“Are we running away?”

“Yes.”

The girl on the floor lapsed into silence. Donna, resting against the steering wheel, closed her eyes. At some point, she fell asleep. She was awakened by a quiet sob.

“Sandy, what is it?”

“It won’t do any good.”

“What won’t?”

“He’ll get us.”

“Honey!”

“He will!”

“Try to sleep, honey. It’ll be all right. You’ll see.”

The girl became silent except for an occasional sniff. Donna, leaning on the steering wheel, waited for sleep. When it finally came, it was a tense, aching half-sleep feverish with vivid dreams. She stood it as long as she could. At last, she had to get out. If the rest of her body could endure the torment, her full bladder couldn’t.

Taking the box of Kleenex from the floor beside Sandy, she climbed silently from the car. The chilly air made her shake. She breathed deeply. Rolling her head, she tried to work the stiffness out of her sore neck muscles. It didn’t seem to help much. She locked the door and pushed it quietly shut.

Before letting go of its handle, she looked over the top of the car. On the shoulder of the road, less then twenty feet from the rear of the Maverick, was a pickup truck.

Axel Kutch sat on the roof of its cab, legs hanging over the windshield. His face, turned skyward, was lighted by a full moon. He seemed to be staring at it, as if entranced.

Silently, Donna crept down the slope. From the bottom of the ditch, she could still see Axel’s head. She watched it as she opened her corduroys. The huge head was still tilted back, its mouth gaping. She crouched close to the car.

The breeze was cold on her skin.

I was cold, like that time. And I had my pants down.

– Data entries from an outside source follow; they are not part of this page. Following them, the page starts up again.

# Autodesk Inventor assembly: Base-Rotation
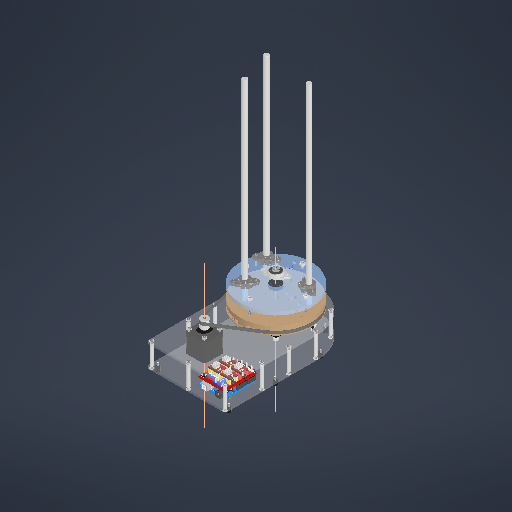
[picture p0: Inventor's stored thumbnail of the model, 512x512]
Saved by Autodesk Inventor 2025.2 (Build 292293000, 293)
## iProperties
Created: 2025-04-10
Part Number: Base-Rotation
Document SubType Name: Assembly
Designer: Tiago
Author: Tiago
## Documents named in this file (26)
- C:\Users\Tiago\Documents\Inventor\Exp. Braço v1\Base-Rotation.iam
- C:\Users\Tiago\Documents\Inventor\Exp. Braço v1\NEMA17 42-38.ipt
- C:\Users\Tiago\Documents\Inventor\Exp. Braço v1\Plataforma_giratoria_4p.iam
- C:\Users\Tiago\Documents\Inventor\Exp. Braço v1\SupBase.ipt
- C:\Users\Tiago\Documents\Inventor\Exp. Braço v1\skf_bearing_608-2z_2.iam
- C:\Users\Tiago\Documents\Inventor\Exp. Braço v1\Linear_Shaft_Support_SHF10.ipt
- C:\Users\Tiago\Documents\Inventor\Exp. Braço v1\rodshaft_10x400.ipt
- C:\Users\Tiago\Documents\Inventor\Exp. Braço v1\Base_solida.ipt
- C:\Users\Tiago\Documents\Inventor\Exp. Braço v1\Arduino_CNC_Assembly.iam
- C:\Users\Tiago\Documents\Inventor\Exp. Braço v1\Base_solida_Down.ipt
- C:\Users\Tiago\Documents\Inventor\Exp. Braço v1\Amortecedor_Borracha.ipt
- C:\Users\Tiago\Documents\Inventor\Exp. Braço v1\Espaçador_m3_L3.5.ipt
- C:\Users\Tiago\Documents\Inventor\Exp. Braço v1\espaçador_M3_L40.ipt
- C:\Users\Tiago\Documents\Inventor\Exp. Braço v1\GT2Pulley_z220.ipt
- GT2Pulley_z220.ipt
- C:\Users\Tiago\Documents\Inventor\Exp. Braço v1\GT2Pulley_z20.ipt
- C:\Users\Tiago\Documents\Inventor\Exp. Braço v1\Base-Rotation\Design Accelerator\Synchronous Belts Transmission3.iam
- C:\Users\Tiago\Documents\Inventor\Exp. Braço v1\Limit_Switch_L1.ipt
- C:\Users\Tiago\Documents\Inventor\Exp. Braço v1\Anilha_M3.ipt
- C:\Users\Tiago\Documents\Inventor\Exp. Braço v1\M3 x0.5 ALT (...).ipt
- C:\Users\Tiago\Documents\Inventor\Exp. Braço v1\M4 x0.7 ALT (...)_L11.ipt
- C:\Users\Tiago\Documents\Inventor\Exp. Braço v1\Porca_sextavada(4M).ipt
- C:\Users\Tiago\Documents\Inventor\Exp. Braço v1\M4 x0.7 ALT (...)_L22.ipt
- C:\Users\Tiago\Documents\Inventor\Exp. Braço v1\M4 x0.7 ALT (...)_L18.ipt
- C:\Users\Tiago\Documents\Inventor\Exp. Braço v1\M5 x0.8ALT (...)_L11.ipt
- C:\Users\Tiago\Documents\Inventor\Exp. Braço v1\KFL08 - Mancal Flange oval Ø8.ipt
## Components (123 placed, 24 different names)
1. NEMA17 42-38:1 — Mate:85, Mate:86, Flush:4, Mate:87, Flush:8
2. Plataforma_giratoria_4p:1 [sub-assembly] — Mate:27, Mate:28, Mate:29, Mate:88, Mate:89, Limit switch, Mate:105, Insert:53, Insert:54, Insert:55, Insert:56, Insert:57, Insert:58, Insert:59, Insert:60
3. SupBase:1 — Mate:9, Mate:11, Mate:12, Mate:13, Mate:14, Mate:15, Mate:16, Mate:17, Mate:18, Mate:19, Mate:91, Mate:93, Flush:5, Mate:94, Mate:105, Mate:123, Mate:125, Mate:128, Mate:129
4. skf_bearing_608-2z_2:1 [sub-assembly] — Mate:9, Flush:5
5. Linear_Shaft_Support_SHF10:1 — Mate:11, Mate:15, Mate:18, Mate:20, Insert:63, Insert:64, Insert:67
6. Linear_Shaft_Support_SHF10:2 — Mate:12, Mate:16, Mate:19, Mate:21, Insert:65, Insert:66, Insert:69
7. Linear_Shaft_Support_SHF10:3 — Mate:13, Mate:14, Mate:17, Mate:22, Insert:61, Insert:62, Insert:68
8. rodshaft_10x400:1 — Mate:22, Mate:100
9. rodshaft_10x400:2 — Mate:21, Mate:101
10. rodshaft_10x400:3 — Mate:20, Mate:99
11. Base_solida:1 — Mate:27, Mate:28, Mate:29, Mate:31, Flush:1, Flush:2, Mate:85, Mate:87, Mate:97, Mate:98, Flush:8, Mate:102, Mate:103, Mate:104, Insert:1, Insert:4, Insert:7, Insert:8, Insert:10, Insert:12, Insert:14, Insert:16, Insert:18, Insert:20, Insert:22, Insert:24, Mate:106, Mate:107, Mate:108, Mate:109, Mate:110, Mate:111, Mate:112, Mate:113, Mate:115, Mate:117, Mate:119, Mate:121
12. Arduino_CNC_Assembly:1 [sub-assembly] — Mate:32, Mate:33, Mate:34, Mate:35, Mate:36
13. Base_solida_Down:1 — Mate:31, Flush:1, Flush:2, Mate:32, Mate:33, Mate:34, Mate:35, Mate:36, Mate:37, Mate:38, Mate:39, Mate:40, Mate:41, Mate:42, Mate:43, Mate:44, Mate:45, Mate:46, Mate:47, Mate:48, Mate:49, Mate:50, Mate:51, Mate:52, Mate:53, Mate:54, Mate:55, Mate:56, Mate:57, Mate:58, Mate:59, Mate:60, Mate:61, Mate:62, Mate:63, Mate:64, Mate:65, Mate:66, Mate:67, Mate:68, Mate:69, Mate:70, Mate:71, Mate:72, Mate:73, Mate:74, Mate:75, Mate:76, Mate:77, Mate:78, Mate:79, Mate:80, Mate:81, Mate:82, Mate:83, Mate:84, Flush:7, Insert:26, Insert:28, Insert:30, Insert:32, Insert:34, Insert:36, Insert:38, Insert:40, Insert:42, Insert:44, Insert:46, Insert:48
14. Amortecedor_Borracha:1 — Mate:50, Mate:57
15. Amortecedor_Borracha:2 — Mate:49, Mate:58
16. Amortecedor_Borracha:3 — Mate:48, Mate:59
17. Amortecedor_Borracha:4 — Mate:51, Mate:56
18. Amortecedor_Borracha:5 — Mate:47, Mate:60
19. Amortecedor_Borracha:6 — Mate:53, Mate:54
20. Amortecedor_Borracha:7 — Mate:45, Mate:46
21. Amortecedor_Borracha:8 — Mate:52, Mate:55
22. Espaçador_m3_L3.5:1 — Mate:37, Mate:41
23. Espaçador_m3_L3.5:2 — Mate:38, Mate:44
24. Espaçador_m3_L3.5:3 — Mate:40, Mate:42
25. Espaçador_m3_L3.5:4 — Mate:39, Mate:43
26. espaçador_M3_L40:1 — Mate:61, Mate:73
27. espaçador_M3_L40:2 — Mate:62, Mate:75
28. espaçador_M3_L40:3 — Mate:63, Mate:76
29. espaçador_M3_L40:4 — Mate:64, Mate:77
30. espaçador_M3_L40:5 — Mate:65, Mate:78
31. espaçador_M3_L40:6 — Mate:66, Mate:79
32. espaçador_M3_L40:7 — Mate:67, Mate:74
33. espaçador_M3_L40:8 — Mate:68, Mate:84
34. espaçador_M3_L40:9 — Mate:69, Mate:83
35. espaçador_M3_L40:10 — Mate:70, Mate:82
36. espaçador_M3_L40:11 — Mate:71, Mate:81
37. espaçador_M3_L40:12 — Mate:72, Mate:80
38. GT2Pulley_z220:1 — Mate:88, Mate:89, Rotação das polias da base(11:1), Limit switch, Mate:93, Mate:94, Mate:95, Mate:99, Mate:100, Mate:101, Mate:130, Mate:131
39. GT2Pulley_z20:1 — Mate:86, Flush:4, Rotação das polias da base(11:1), Mate:96, Flush:6
40. Synchronous Belts Transmission:1 [sub-assembly] — Mate:91, Mate:95, Mate:96, Flush:6
41. Limit_Switch_L1:1 — Mate:102, Mate:103, Mate:104
42. Anilha_M3:1 — Insert:1, Insert:2
43. M3 x0.5 ALT (...):1 — Insert:2
44. Anilha_M3:2 — Insert:4
45. M3 x0.5 ALT (...):2
46. Anilha_M3:3 — Insert:7
47. M3 x0.5 ALT (...):3
48. Anilha_M3:4 — Insert:8
49. M3 x0.5 ALT (...):4
50. Anilha_M3:5 — Insert:10
51. M3 x0.5 ALT (...):5
52. Anilha_M3:6 — Insert:12
53. M3 x0.5 ALT (...):6
54. Anilha_M3:7 — Insert:14
55. M3 x0.5 ALT (...):7
56. Anilha_M3:8 — Insert:16
57. M3 x0.5 ALT (...):8
58. Anilha_M3:9 — Insert:18
59. M3 x0.5 ALT (...):9
60. Anilha_M3:10 — Insert:20
61. M3 x0.5 ALT (...):10
62. Anilha_M3:11 — Insert:22
63. M3 x0.5 ALT (...):11
64. Anilha_M3:12 — Insert:24
65. M3 x0.5 ALT (...):12
66. Anilha_M3:13 — Insert:26
67. M3 x0.5 ALT (...):13
68. Anilha_M3:14 — Insert:28
69. M3 x0.5 ALT (...):14
70. Anilha_M3:15 — Insert:30
71. M3 x0.5 ALT (...):15
72. Anilha_M3:16 — Insert:32
73. M3 x0.5 ALT (...):16
74. Anilha_M3:17 — Insert:34
75. M3 x0.5 ALT (...):17
76. Anilha_M3:18 — Insert:36
77. M3 x0.5 ALT (...):18
78. Anilha_M3:19 — Insert:38
79. M3 x0.5 ALT (...):19
80. Anilha_M3:20 — Insert:40
81. M3 x0.5 ALT (...):20
82. Anilha_M3:21 — Insert:42
83. M3 x0.5 ALT (...):21
84. Anilha_M3:22 — Insert:44
85. M3 x0.5 ALT (...):22
86. Anilha_M3:23 — Insert:46
87. M3 x0.5 ALT (...):23
88. Anilha_M3:24 — Insert:48
89. M3 x0.5 ALT (...):24
90. Anilha_M3:25 — Mate:107
91. M3 x0.5 ALT (...):25 — Mate:106
92. Anilha_M3:26 — Mate:113
93. M3 x0.5 ALT (...):26 — Mate:108
94. Anilha_M3:27 — Mate:112
95. M3 x0.5 ALT (...):27 — Mate:109
96. Anilha_M3:28 — Mate:111
97. M3 x0.5 ALT (...):28 — Mate:110
98. M4 x0.7 ALT (...)_L11:1 — Insert:53, Mate:114
99. Porca_sextavada(4M):1 — Mate:114, Mate:115
100. M4 x0.7 ALT (...)_L11:2 — Insert:54
101. Porca_sextavada(4M):2 — Mate:117
102. M4 x0.7 ALT (...)_L11:3 — Insert:55
103. Porca_sextavada(4M):3 — Mate:119
104. M4 x0.7 ALT (...)_L11:4 — Insert:56
105. Porca_sextavada(4M):4 — Mate:121
106. M4 x0.7 ALT (...)_L22:1 — Insert:57, Mate:122
107. Porca_sextavada(4M):5 — Mate:122, Mate:123
108. M4 x0.7 ALT (...)_L22:5 — Insert:58
109. Porca_sextavada(4M):6 — Mate:125
110. M4 x0.7 ALT (...)_L22:6 — Insert:59
111. Porca_sextavada(4M):7 — Mate:129
112. M4 x0.7 ALT (...)_L22:7 — Insert:60
113. Porca_sextavada(4M):8 — Mate:128
114. M4 x0.7 ALT (...)_L18:1 — Insert:61
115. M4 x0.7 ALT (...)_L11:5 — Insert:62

Everything will be fine, she thought.

He’ll sniff us down.

When she finished, Donna climbed the slope to the roadside. Axel, sitting on the roof of his truck cab, didn’t seem to notice.

“Axel?”

His hands flinched. He looked down at her and smiled. “Donna,” he said.

“The fog’s gone. Maybe we can leave now.”

Without a word, he jumped down. When he hit the asphalt road, his left leg buckled, but he kept his balance.

“What’s going on?” Sandy called to them.

“We’re leaving.”

The three of them unpacked the Maverick and transferred the suitcases to the bed of the pickup truck. Then they climbed inside, Donna sitting between Axel and her daughter.

“Help me remember where the car is,” she told Sandy.

“Will we come back for it?”

“We sure will.”

Axel steered his truck onto the road. He grinned at Donna. She grinned back.

“You smell good,” he said.

She thanked him.

Then he was quiet. On the radio, Jeannie C. Riley sang about the Harper Valley PTA. Donna fell asleep before the end of the song. She opened her eyes, sometime later, saw the truck’s headlights opening a path through the darkness of the curving road, and shut them again. Later, she was awakened when Axel started to sing along in his thick, low voice, with “The Blind Man in the Bleachers.” She drifted again into sleep. A hand on her thigh woke her up.

Axel’s hand.

“Here we are,” he said. Lifting the hand away, he pointed.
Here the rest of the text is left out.